_SOURCE MATERIAL_
______________________________
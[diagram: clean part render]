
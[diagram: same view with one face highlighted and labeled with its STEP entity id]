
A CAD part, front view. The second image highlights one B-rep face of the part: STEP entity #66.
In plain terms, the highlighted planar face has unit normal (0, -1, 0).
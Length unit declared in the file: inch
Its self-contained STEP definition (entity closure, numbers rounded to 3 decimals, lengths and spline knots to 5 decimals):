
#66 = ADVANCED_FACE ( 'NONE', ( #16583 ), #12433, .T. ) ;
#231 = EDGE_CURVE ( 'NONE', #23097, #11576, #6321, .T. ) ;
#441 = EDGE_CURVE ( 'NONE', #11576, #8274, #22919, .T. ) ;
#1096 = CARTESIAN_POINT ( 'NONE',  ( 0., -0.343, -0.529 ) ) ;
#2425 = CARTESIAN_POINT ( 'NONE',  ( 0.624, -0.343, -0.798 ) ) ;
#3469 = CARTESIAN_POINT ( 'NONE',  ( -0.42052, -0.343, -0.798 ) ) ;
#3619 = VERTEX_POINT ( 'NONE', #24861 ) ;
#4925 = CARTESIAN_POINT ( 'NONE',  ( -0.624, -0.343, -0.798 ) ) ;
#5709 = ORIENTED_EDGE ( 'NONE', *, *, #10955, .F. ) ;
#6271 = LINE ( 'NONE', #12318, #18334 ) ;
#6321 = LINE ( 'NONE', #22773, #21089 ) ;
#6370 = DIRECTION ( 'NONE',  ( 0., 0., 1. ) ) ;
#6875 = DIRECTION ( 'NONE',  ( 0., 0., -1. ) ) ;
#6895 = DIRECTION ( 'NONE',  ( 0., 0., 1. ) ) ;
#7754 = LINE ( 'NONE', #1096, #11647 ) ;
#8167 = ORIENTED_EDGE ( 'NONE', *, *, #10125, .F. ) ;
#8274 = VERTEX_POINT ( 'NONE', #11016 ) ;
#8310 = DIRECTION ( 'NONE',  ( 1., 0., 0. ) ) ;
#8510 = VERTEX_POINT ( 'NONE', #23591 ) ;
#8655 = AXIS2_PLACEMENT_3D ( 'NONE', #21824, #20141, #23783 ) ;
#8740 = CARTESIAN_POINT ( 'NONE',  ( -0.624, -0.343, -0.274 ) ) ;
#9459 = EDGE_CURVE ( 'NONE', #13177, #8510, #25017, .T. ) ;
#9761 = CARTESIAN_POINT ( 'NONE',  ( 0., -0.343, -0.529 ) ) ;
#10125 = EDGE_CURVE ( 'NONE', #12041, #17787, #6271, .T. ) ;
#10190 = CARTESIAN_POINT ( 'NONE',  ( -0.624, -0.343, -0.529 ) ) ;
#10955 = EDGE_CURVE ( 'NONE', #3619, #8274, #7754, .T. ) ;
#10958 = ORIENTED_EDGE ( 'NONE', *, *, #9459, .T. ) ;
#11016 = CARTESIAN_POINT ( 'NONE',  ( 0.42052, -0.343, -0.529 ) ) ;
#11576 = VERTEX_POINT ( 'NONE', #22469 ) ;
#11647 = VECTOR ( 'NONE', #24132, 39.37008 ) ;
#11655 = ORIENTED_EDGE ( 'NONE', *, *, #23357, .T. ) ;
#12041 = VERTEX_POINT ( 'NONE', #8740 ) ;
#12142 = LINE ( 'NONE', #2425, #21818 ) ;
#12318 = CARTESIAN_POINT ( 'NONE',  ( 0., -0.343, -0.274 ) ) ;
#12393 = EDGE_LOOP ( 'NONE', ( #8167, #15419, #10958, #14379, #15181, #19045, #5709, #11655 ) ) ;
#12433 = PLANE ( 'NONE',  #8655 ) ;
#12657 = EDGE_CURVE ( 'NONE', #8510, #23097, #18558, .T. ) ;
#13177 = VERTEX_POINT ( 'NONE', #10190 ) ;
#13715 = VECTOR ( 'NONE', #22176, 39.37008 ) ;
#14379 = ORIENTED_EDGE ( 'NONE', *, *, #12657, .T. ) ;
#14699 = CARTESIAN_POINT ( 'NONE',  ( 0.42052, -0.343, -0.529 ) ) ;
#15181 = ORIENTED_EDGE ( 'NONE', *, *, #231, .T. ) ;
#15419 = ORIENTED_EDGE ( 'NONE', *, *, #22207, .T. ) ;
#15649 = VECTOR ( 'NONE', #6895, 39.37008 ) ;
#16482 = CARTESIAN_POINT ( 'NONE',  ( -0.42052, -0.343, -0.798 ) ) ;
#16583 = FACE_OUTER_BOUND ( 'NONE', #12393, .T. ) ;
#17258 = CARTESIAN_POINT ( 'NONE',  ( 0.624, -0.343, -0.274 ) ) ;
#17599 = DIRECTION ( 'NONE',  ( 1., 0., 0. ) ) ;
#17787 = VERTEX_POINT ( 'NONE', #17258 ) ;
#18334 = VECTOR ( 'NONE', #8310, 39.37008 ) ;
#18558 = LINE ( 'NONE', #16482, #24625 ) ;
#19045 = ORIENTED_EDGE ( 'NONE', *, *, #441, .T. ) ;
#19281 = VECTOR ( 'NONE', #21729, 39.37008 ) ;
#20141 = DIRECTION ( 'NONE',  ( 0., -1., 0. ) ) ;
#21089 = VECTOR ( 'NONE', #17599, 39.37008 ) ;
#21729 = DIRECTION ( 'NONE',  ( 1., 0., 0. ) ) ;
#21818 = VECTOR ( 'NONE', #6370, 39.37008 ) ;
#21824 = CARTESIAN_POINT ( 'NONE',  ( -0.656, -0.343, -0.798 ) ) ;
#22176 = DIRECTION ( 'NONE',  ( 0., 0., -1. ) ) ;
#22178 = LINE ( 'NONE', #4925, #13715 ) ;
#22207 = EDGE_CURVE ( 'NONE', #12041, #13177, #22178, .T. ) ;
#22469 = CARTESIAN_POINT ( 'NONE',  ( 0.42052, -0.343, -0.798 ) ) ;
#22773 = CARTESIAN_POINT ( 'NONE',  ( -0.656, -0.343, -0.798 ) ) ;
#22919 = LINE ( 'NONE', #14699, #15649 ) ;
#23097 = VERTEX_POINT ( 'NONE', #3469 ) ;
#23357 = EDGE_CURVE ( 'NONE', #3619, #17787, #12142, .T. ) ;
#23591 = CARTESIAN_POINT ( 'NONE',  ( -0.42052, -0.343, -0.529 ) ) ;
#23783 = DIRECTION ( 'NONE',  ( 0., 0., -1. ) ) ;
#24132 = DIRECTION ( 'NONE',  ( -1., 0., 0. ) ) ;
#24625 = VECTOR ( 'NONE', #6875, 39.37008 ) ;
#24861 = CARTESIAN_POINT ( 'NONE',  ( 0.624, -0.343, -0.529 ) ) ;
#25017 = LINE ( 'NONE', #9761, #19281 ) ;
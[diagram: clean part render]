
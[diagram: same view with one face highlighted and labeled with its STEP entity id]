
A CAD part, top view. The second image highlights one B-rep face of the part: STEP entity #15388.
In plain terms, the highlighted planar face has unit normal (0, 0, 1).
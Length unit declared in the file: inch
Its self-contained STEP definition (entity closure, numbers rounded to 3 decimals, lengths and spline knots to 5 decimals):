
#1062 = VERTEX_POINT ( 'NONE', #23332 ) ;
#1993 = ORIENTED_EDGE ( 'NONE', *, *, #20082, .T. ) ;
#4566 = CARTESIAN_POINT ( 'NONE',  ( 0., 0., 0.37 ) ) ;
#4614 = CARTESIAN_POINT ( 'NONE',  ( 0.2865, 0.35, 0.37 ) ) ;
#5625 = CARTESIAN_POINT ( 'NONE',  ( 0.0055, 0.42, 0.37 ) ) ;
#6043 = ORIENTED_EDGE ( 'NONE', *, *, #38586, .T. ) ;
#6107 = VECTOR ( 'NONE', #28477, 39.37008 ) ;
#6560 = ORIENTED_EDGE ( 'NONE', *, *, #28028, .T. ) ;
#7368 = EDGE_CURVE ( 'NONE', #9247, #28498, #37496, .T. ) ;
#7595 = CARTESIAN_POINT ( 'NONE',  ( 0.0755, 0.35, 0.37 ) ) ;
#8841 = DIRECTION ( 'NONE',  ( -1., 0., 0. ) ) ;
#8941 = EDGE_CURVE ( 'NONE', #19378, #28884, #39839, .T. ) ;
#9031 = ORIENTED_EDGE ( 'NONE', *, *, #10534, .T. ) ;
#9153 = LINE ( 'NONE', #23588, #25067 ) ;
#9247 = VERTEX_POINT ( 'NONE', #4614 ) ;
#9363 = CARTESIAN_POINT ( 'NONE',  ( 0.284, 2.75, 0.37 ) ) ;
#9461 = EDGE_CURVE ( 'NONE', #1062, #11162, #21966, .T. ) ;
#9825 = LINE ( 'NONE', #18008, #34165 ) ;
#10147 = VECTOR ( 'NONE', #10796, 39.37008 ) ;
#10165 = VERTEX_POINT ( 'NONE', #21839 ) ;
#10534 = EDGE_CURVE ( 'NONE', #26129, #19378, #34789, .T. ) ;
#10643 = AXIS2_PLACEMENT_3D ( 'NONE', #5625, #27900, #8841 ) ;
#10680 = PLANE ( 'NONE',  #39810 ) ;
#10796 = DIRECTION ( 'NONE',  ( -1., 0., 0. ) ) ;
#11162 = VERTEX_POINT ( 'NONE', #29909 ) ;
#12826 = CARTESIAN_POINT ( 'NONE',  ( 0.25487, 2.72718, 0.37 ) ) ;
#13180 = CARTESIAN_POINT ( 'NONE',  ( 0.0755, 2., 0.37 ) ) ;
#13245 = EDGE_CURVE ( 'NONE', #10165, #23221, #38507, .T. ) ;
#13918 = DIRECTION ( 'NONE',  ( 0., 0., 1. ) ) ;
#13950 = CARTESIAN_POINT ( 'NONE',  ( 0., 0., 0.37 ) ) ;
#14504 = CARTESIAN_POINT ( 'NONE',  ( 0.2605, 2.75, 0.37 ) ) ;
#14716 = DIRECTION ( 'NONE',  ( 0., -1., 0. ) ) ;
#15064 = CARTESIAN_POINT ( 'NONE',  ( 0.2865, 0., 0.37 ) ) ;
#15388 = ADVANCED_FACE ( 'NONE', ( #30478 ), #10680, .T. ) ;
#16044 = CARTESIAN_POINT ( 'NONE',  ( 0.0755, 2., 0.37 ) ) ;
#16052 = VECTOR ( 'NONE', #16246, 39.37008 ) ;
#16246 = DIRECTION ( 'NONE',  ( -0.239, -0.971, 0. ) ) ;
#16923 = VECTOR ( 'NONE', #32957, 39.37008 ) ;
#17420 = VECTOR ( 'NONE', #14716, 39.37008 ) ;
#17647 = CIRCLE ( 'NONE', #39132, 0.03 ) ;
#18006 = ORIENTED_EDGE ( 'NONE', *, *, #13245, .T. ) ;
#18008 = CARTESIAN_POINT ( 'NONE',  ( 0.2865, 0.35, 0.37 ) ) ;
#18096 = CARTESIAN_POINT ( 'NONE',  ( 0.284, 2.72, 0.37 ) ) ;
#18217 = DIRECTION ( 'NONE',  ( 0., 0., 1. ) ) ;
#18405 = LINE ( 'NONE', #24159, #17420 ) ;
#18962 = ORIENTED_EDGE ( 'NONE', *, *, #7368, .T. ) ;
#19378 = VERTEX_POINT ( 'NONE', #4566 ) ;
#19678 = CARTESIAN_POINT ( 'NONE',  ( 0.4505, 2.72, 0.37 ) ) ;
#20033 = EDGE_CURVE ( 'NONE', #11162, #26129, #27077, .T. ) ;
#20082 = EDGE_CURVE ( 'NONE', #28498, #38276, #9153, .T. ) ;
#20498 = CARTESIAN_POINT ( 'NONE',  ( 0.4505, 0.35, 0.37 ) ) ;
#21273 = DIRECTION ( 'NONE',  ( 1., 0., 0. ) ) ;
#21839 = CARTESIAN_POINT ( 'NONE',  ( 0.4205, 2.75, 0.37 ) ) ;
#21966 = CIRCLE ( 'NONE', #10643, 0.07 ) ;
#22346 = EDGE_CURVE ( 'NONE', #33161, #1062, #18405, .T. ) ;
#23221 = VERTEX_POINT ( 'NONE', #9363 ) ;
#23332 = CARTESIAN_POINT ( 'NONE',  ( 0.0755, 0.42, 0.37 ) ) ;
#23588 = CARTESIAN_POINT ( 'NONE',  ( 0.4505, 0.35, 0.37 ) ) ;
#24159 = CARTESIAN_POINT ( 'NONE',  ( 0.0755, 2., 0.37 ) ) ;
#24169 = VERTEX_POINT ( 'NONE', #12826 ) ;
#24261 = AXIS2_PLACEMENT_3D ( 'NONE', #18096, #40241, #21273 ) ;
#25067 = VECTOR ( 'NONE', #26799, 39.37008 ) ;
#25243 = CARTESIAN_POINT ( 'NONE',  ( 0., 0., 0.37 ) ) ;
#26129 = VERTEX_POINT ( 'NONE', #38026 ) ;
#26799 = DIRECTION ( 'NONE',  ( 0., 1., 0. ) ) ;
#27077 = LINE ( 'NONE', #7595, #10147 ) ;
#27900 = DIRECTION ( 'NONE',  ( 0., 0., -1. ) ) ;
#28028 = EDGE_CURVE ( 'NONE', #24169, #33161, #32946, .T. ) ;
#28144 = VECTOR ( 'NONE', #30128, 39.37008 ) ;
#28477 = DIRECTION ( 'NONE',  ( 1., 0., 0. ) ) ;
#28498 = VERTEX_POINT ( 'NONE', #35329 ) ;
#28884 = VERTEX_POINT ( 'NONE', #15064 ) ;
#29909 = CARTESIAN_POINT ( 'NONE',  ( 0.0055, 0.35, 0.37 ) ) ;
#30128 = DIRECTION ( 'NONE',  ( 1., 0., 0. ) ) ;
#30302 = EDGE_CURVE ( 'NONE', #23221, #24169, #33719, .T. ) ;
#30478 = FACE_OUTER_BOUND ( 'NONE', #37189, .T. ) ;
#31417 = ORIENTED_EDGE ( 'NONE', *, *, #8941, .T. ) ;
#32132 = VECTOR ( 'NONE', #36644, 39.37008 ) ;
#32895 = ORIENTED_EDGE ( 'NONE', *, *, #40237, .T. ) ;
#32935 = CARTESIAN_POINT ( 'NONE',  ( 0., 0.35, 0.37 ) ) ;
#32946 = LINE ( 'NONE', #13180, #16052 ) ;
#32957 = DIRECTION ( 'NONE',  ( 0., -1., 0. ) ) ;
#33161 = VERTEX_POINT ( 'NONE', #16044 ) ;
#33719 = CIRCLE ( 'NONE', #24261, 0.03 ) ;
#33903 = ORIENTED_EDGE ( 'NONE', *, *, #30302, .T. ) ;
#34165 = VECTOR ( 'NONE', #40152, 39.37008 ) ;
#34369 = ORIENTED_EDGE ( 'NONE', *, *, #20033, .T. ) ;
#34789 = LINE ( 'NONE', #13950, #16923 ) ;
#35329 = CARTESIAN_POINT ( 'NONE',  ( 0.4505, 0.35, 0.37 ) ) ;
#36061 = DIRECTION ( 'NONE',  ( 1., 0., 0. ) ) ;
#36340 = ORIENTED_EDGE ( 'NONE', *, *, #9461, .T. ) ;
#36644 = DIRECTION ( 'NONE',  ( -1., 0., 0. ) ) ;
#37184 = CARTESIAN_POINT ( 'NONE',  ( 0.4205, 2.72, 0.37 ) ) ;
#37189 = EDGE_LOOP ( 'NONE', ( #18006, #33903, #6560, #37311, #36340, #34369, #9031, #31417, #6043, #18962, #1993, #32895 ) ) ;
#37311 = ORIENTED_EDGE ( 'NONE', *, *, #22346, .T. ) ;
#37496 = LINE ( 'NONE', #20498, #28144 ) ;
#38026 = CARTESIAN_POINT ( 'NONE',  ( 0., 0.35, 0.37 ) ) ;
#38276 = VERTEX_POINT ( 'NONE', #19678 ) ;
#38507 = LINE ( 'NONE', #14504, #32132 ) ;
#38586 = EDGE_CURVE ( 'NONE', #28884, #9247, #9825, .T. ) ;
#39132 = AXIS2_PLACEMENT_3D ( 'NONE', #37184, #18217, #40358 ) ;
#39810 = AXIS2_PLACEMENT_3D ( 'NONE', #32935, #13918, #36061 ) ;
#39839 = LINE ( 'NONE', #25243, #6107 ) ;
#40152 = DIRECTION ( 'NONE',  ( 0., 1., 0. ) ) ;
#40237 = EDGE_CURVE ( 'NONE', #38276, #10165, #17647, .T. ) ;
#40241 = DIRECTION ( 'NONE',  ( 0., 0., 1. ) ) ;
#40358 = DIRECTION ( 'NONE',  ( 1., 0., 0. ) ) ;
______________________________
_AIM OF THE EXERCISE_
Take every line from the data that contains the word "planar".

_WRITTEN ANSWER_
In plain terms, the highlighted planar face has unit normal (0, -1, 0).
In plain terms, the highlighted planar face has unit normal (0, 0, 1).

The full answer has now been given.